• [What the task asks]: Restate word for word the entries below, starting with the line with "import ezdxf" and continuing through the line with "layer by layer". Include both of those lines and no others.

• [Supplied material]:
* * * * * * *

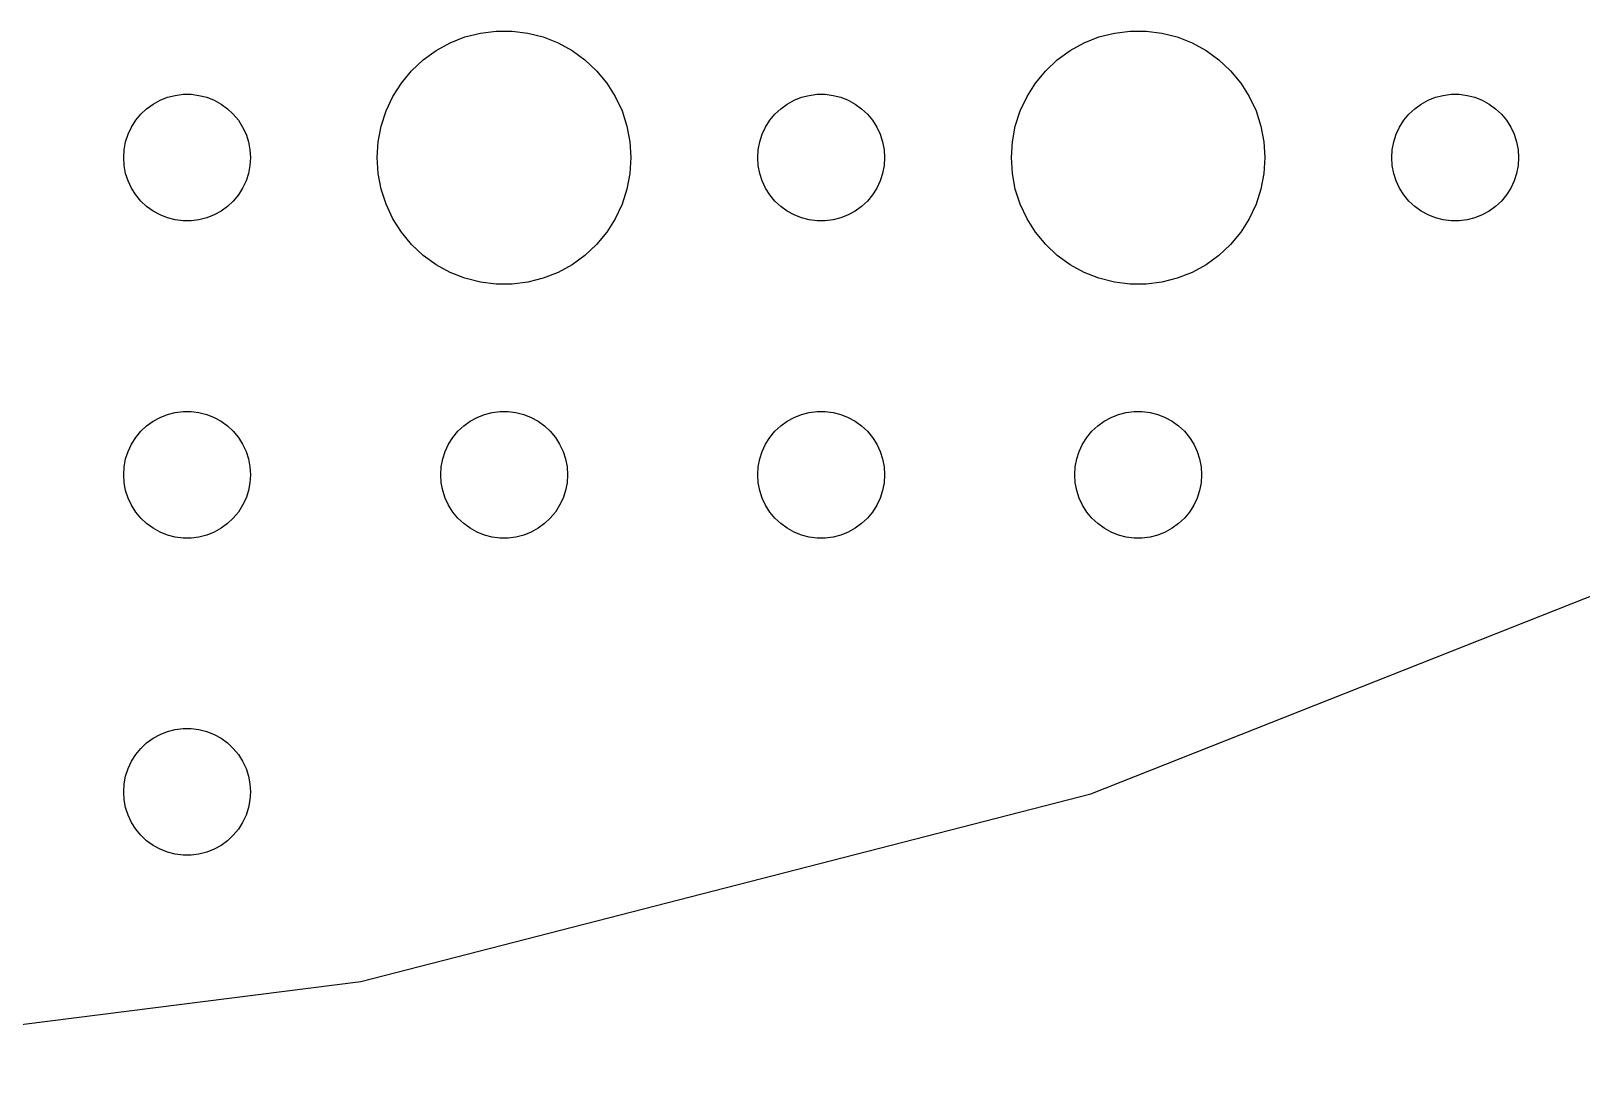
# Model space of a CAD drawing. Header units: metres. Extents: x -142 to 142, y -142 to 142.
# Drawn here: x 18.81 to 55.5, y -141.72 to -117.01 of the extents above; entities that cross this region are included whole.
import ezdxf

# ---------------------------------------------------------------- set-up
doc = ezdxf.new("R2010")
doc.units = ezdxf.units.M

msp = doc.modelspace()

# ---------------------------------------------------------------- linework, layer by layer
for p, q in [((29.4379, -117.053), (29.8116, -117.006)), ((29.8116, -117.006), (30.1884, -117.006)), ((30.1884, -117.006), (30.5621, -117.053)), ((44.4379, -117.053), (44.8116, -117.006)), ((44.8116, -117.006), (45.1884, -117.006)), ((45.1884, -117.006), (45.5621, -117.053)), ((28.3925, -117.467), (28.7227, -117.286)), ((28.7227, -117.286), (29.0729, -117.147)), ((29.0729, -117.147), (29.4379, -117.053)), ((30.5621, -117.053), (30.927, -117.147)), ((30.927, -117.147), (31.2773, -117.286)), ((31.2773, -117.286), (31.6075, -117.467)), ((43.3925, -117.467), (43.7227, -117.286)), ((43.7227, -117.286), (44.0729, -117.147)), ((44.0729, -117.147), (44.4379, -117.053)), ((45.5621, -117.053), (45.927, -117.147)), ((45.927, -117.147), (46.2773, -117.286)), ((46.2773, -117.286), (46.6075, -117.467)), ((27.8131, -117.946), (28.0877, -117.688)), ((28.0877, -117.688), (28.3925, -117.467)), ((31.6075, -117.467), (31.9123, -117.688)), ((31.9123, -117.688), (32.1869, -117.946)), ((42.8131, -117.946), (43.0877, -117.688)), ((43.0877, -117.688), (43.3925, -117.467)), ((46.6075, -117.467), (46.9123, -117.688)), ((46.9123, -117.688), (47.1869, -117.946)), ((27.5729, -118.237), (27.8131, -117.946)), ((32.1869, -117.946), (32.427, -118.237)), ((42.5729, -118.237), (42.8131, -117.946)), ((47.1869, -117.946), (47.427, -118.237)), ((22.2189, -118.527), (22.4058, -118.503)), ((22.4058, -118.503), (22.5942, -118.503)), ((22.5942, -118.503), (22.7811, -118.527)), ((27.3711, -118.555), (27.5729, -118.237)), ((32.427, -118.237), (32.6289, -118.555)), ((37.2189, -118.527), (37.4058, -118.503)), ((37.4058, -118.503), (37.5942, -118.503)), ((37.5942, -118.503), (37.7811, -118.527)), ((42.3711, -118.555), (42.5729, -118.237)), ((47.427, -118.237), (47.6289, -118.555)), ((52.2189, -118.527), (52.4058, -118.503)), ((52.4058, -118.503), (52.5942, -118.503)), ((52.5942, -118.503), (52.7811, -118.527)), ((21.4065, -118.973), (21.5439, -118.844)), ((21.5439, -118.844), (21.6963, -118.734)), ((21.6963, -118.734), (21.8613, -118.643)), ((21.8613, -118.643), (22.0365, -118.573)), ((22.0365, -118.573), (22.2189, -118.527)), ((22.7811, -118.527), (22.9635, -118.573)), ((22.9635, -118.573), (23.1387, -118.643)), ((23.1387, -118.643), (23.3037, -118.734)), ((23.3037, -118.734), (23.4561, -118.844)), ((23.4561, -118.844), (23.5934, -118.973)), ((27.2107, -118.896), (27.3711, -118.555)), ((32.6289, -118.555), (32.7893, -118.896)), ((36.4065, -118.973), (36.5439, -118.844)), ((36.5439, -118.844), (36.6963, -118.734)), ((36.6963, -118.734), (36.8613, -118.643)), ((36.8613, -118.643), (37.0365, -118.573)), ((37.0365, -118.573), (37.2189, -118.527)), ((37.7811, -118.527), (37.9635, -118.573)), ((37.9635, -118.573), (38.1387, -118.643)), ((38.1387, -118.643), (38.3037, -118.734)), ((38.3037, -118.734), (38.4561, -118.844)), ((38.4561, -118.844), (38.5934, -118.973)), ((42.2107, -118.896), (42.3711, -118.555)), ((47.6289, -118.555), (47.7893, -118.896)), ((51.4065, -118.973), (51.5439, -118.844)), ((51.5439, -118.844), (51.6963, -118.734)), ((51.6963, -118.734), (51.8613, -118.643)), ((51.8613, -118.643), (52.0365, -118.573)), ((52.0365, -118.573), (52.2189, -118.527)), ((52.7811, -118.527), (52.9635, -118.573)), ((52.9635, -118.573), (53.1387, -118.643)), ((53.1387, -118.643), (53.3037, -118.734)), ((53.3037, -118.734), (53.4561, -118.844)), ((53.4561, -118.844), (53.5934, -118.973)), ((21.1855, -119.277), (21.2865, -119.118)), ((21.2865, -119.118), (21.4065, -118.973)), ((23.5934, -118.973), (23.7135, -119.118)), ((23.7135, -119.118), (23.8145, -119.277)), ((27.0942, -119.254), (27.2107, -118.896)), ((32.7893, -118.896), (32.9057, -119.254)), ((36.1855, -119.277), (36.2865, -119.118)), ((36.2865, -119.118), (36.4065, -118.973)), ((38.5934, -118.973), (38.7135, -119.118)), ((38.7135, -119.118), (38.8145, -119.277)), ((42.0942, -119.254), (42.2107, -118.896)), ((47.7893, -118.896), (47.9057, -119.254)), ((51.1855, -119.277), (51.2865, -119.118)), ((51.2865, -119.118), (51.4065, -118.973)), ((53.5934, -118.973), (53.7135, -119.118)), ((53.7135, -119.118), (53.8145, -119.277)), ((21.0471, -119.627), (21.1053, -119.448)), ((21.1053, -119.448), (21.1855, -119.277)), ((23.8145, -119.277), (23.8947, -119.448)), ((23.8947, -119.448), (23.9529, -119.627)), ((27.0237, -119.624), (27.0942, -119.254)), ((32.9057, -119.254), (32.9763, -119.624)), ((36.0471, -119.627), (36.1053, -119.448)), ((36.1053, -119.448), (36.1855, -119.277)), ((38.8145, -119.277), (38.8947, -119.448)), ((38.8947, -119.448), (38.9529, -119.627)), ((42.0237, -119.624), (42.0942, -119.254)), ((47.9057, -119.254), (47.9763, -119.624)), ((51.0471, -119.627), (51.1053, -119.448)), ((51.1053, -119.448), (51.1855, -119.277)), ((53.8145, -119.277), (53.8947, -119.448)), ((53.8947, -119.448), (53.9529, -119.627)), ((21, -120), (21.0118, -119.812)), ((21.0118, -119.812), (21.0471, -119.627)), ((23.9529, -119.627), (23.9882, -119.812)), ((23.9882, -119.812), (24, -120)), ((27, -120), (27.0237, -119.624)), ((32.9763, -119.624), (33, -120)), ((36, -120), (36.0118, -119.812)), ((36.0118, -119.812), (36.0471, -119.627)), ((38.9529, -119.627), (38.9882, -119.812)), ((38.9882, -119.812), (39, -120)), ((42, -120), (42.0237, -119.624)), ((47.9763, -119.624), (48, -120)), ((51, -120), (51.0118, -119.812)), ((51.0118, -119.812), (51.0471, -119.627)), ((53.9529, -119.627), (53.9882, -119.812)), ((53.9882, -119.812), (54, -120)), ((21.0118, -120.188), (21, -120)), ((21.0471, -120.373), (21.0118, -120.188)), ((23.9882, -120.188), (23.9529, -120.373)), ((24, -120), (23.9882, -120.188)), ((27.0237, -120.376), (27, -120)), ((33, -120), (32.9763, -120.376)), ((36.0118, -120.188), (36, -120)), ((36.0471, -120.373), (36.0118, -120.188)), ((38.9882, -120.188), (38.9529, -120.373)), ((39, -120), (38.9882, -120.188)), ((42.0237, -120.376), (42, -120)), ((48, -120), (47.9763, -120.376)), ((51.0118, -120.188), (51, -120)), ((51.0471, -120.373), (51.0118, -120.188)), ((53.9882, -120.188), (53.9529, -120.373)), ((54, -120), (53.9882, -120.188)), ((21.1053, -120.552), (21.0471, -120.373)), ((21.1855, -120.723), (21.1053, -120.552)), ((23.8947, -120.552), (23.8145, -120.723)), ((23.9529, -120.373), (23.8947, -120.552)), ((27.0942, -120.746), (27.0237, -120.376)), ((32.9763, -120.376), (32.9057, -120.746)), ((36.1053, -120.552), (36.0471, -120.373)), ((36.1855, -120.723), (36.1053, -120.552)), ((38.8947, -120.552), (38.8145, -120.723)), ((38.9529, -120.373), (38.8947, -120.552)), ((42.0942, -120.746), (42.0237, -120.376)), ((47.9763, -120.376), (47.9057, -120.746)), ((51.1053, -120.552), (51.0471, -120.373)), ((51.1855, -120.723), (51.1053, -120.552)), ((53.8947, -120.552), (53.8145, -120.723)), ((53.9529, -120.373), (53.8947, -120.552)), ((21.2865, -120.882), (21.1855, -120.723)), ((21.4065, -121.027), (21.2865, -120.882)), ((21.5439, -121.156), (21.4065, -121.027)), ((23.5934, -121.027), (23.4561, -121.156)), ((23.7135, -120.882), (23.5934, -121.027)), ((23.8145, -120.723), (23.7135, -120.882)), ((27.2107, -121.104), (27.0942, -120.746)), ((32.9057, -120.746), (32.7893, -121.104)), ((36.2865, -120.882), (36.1855, -120.723)), ((36.4065, -121.027), (36.2865, -120.882)), ((36.5439, -121.156), (36.4065, -121.027)), ((38.5934, -121.027), (38.4561, -121.156)), ((38.7135, -120.882), (38.5934, -121.027)), ((38.8145, -120.723), (38.7135, -120.882)), ((42.2107, -121.104), (42.0942, -120.746)), ((47.9057, -120.746), (47.7893, -121.104)), ((51.2865, -120.882), (51.1855, -120.723)), ((51.4065, -121.027), (51.2865, -120.882)), ((51.5439, -121.156), (51.4065, -121.027)), ((53.5934, -121.027), (53.4561, -121.156)), ((53.7135, -120.882), (53.5934, -121.027)), ((53.8145, -120.723), (53.7135, -120.882)), ((21.6963, -121.266), (21.5439, -121.156)), ((21.8613, -121.357), (21.6963, -121.266)), ((22.0365, -121.427), (21.8613, -121.357)), ((22.2189, -121.473), (22.0365, -121.427)), ((22.9635, -121.427), (22.7811, -121.473)), ((23.1387, -121.357), (22.9635, -121.427)), ((23.3037, -121.266), (23.1387, -121.357)), ((23.4561, -121.156), (23.3037, -121.266)), ((27.3711, -121.445), (27.2107, -121.104)), ((27.5729, -121.763), (27.3711, -121.445)), ((32.6289, -121.445), (32.427, -121.763)), ((32.7893, -121.104), (32.6289, -121.445)), ((36.6963, -121.266), (36.5439, -121.156)), ((36.8613, -121.357), (36.6963, -121.266)), ((37.0365, -121.427), (36.8613, -121.357)), ((37.2189, -121.473), (37.0365, -121.427)), ((37.9635, -121.427), (37.7811, -121.473)), ((38.1387, -121.357), (37.9635, -121.427)), ((38.3037, -121.266), (38.1387, -121.357)), ((38.4561, -121.156), (38.3037, -121.266)), ((42.3711, -121.445), (42.2107, -121.104)), ((42.5729, -121.763), (42.3711, -121.445)), ((47.6289, -121.445), (47.427, -121.763)), ((47.7893, -121.104), (47.6289, -121.445)), ((51.6963, -121.266), (51.5439, -121.156)), ((51.8613, -121.357), (51.6963, -121.266)), ((52.0365, -121.427), (51.8613, -121.357)), ((52.2189, -121.473), (52.0365, -121.427)), ((52.9635, -121.427), (52.7811, -121.473)), ((53.1387, -121.357), (52.9635, -121.427)), ((53.3037, -121.266), (53.1387, -121.357)), ((53.4561, -121.156), (53.3037, -121.266)), ((22.4058, -121.497), (22.2189, -121.473)), ((22.5942, -121.497), (22.4058, -121.497)), ((22.7811, -121.473), (22.5942, -121.497)), ((27.8131, -122.054), (27.5729, -121.763)), ((32.427, -121.763), (32.1869, -122.054)), ((37.4058, -121.497), (37.2189, -121.473)), ((37.5942, -121.497), (37.4058, -121.497)), ((37.7811, -121.473), (37.5942, -121.497)), ((42.8131, -122.054), (42.5729, -121.763)), ((47.427, -121.763), (47.1869, -122.054)), ((52.4058, -121.497), (52.2189, -121.473)), ((52.5942, -121.497), (52.4058, -121.497)), ((52.7811, -121.473), (52.5942, -121.497)), ((28.0877, -122.312), (27.8131, -122.054)), ((32.1869, -122.054), (31.9123, -122.312)), ((43.0877, -122.312), (42.8131, -122.054)), ((47.1869, -122.054), (46.9123, -122.312)), ((28.3925, -122.533), (28.0877, -122.312)), ((28.7227, -122.714), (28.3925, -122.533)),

* * * * * * *

• [Solution]:
import ezdxf

# ---------------------------------------------------------------- set-up
doc = ezdxf.new("R2010")
doc.units = ezdxf.units.M

msp = doc.modelspace()

# ---------------------------------------------------------------- linework, layer by layer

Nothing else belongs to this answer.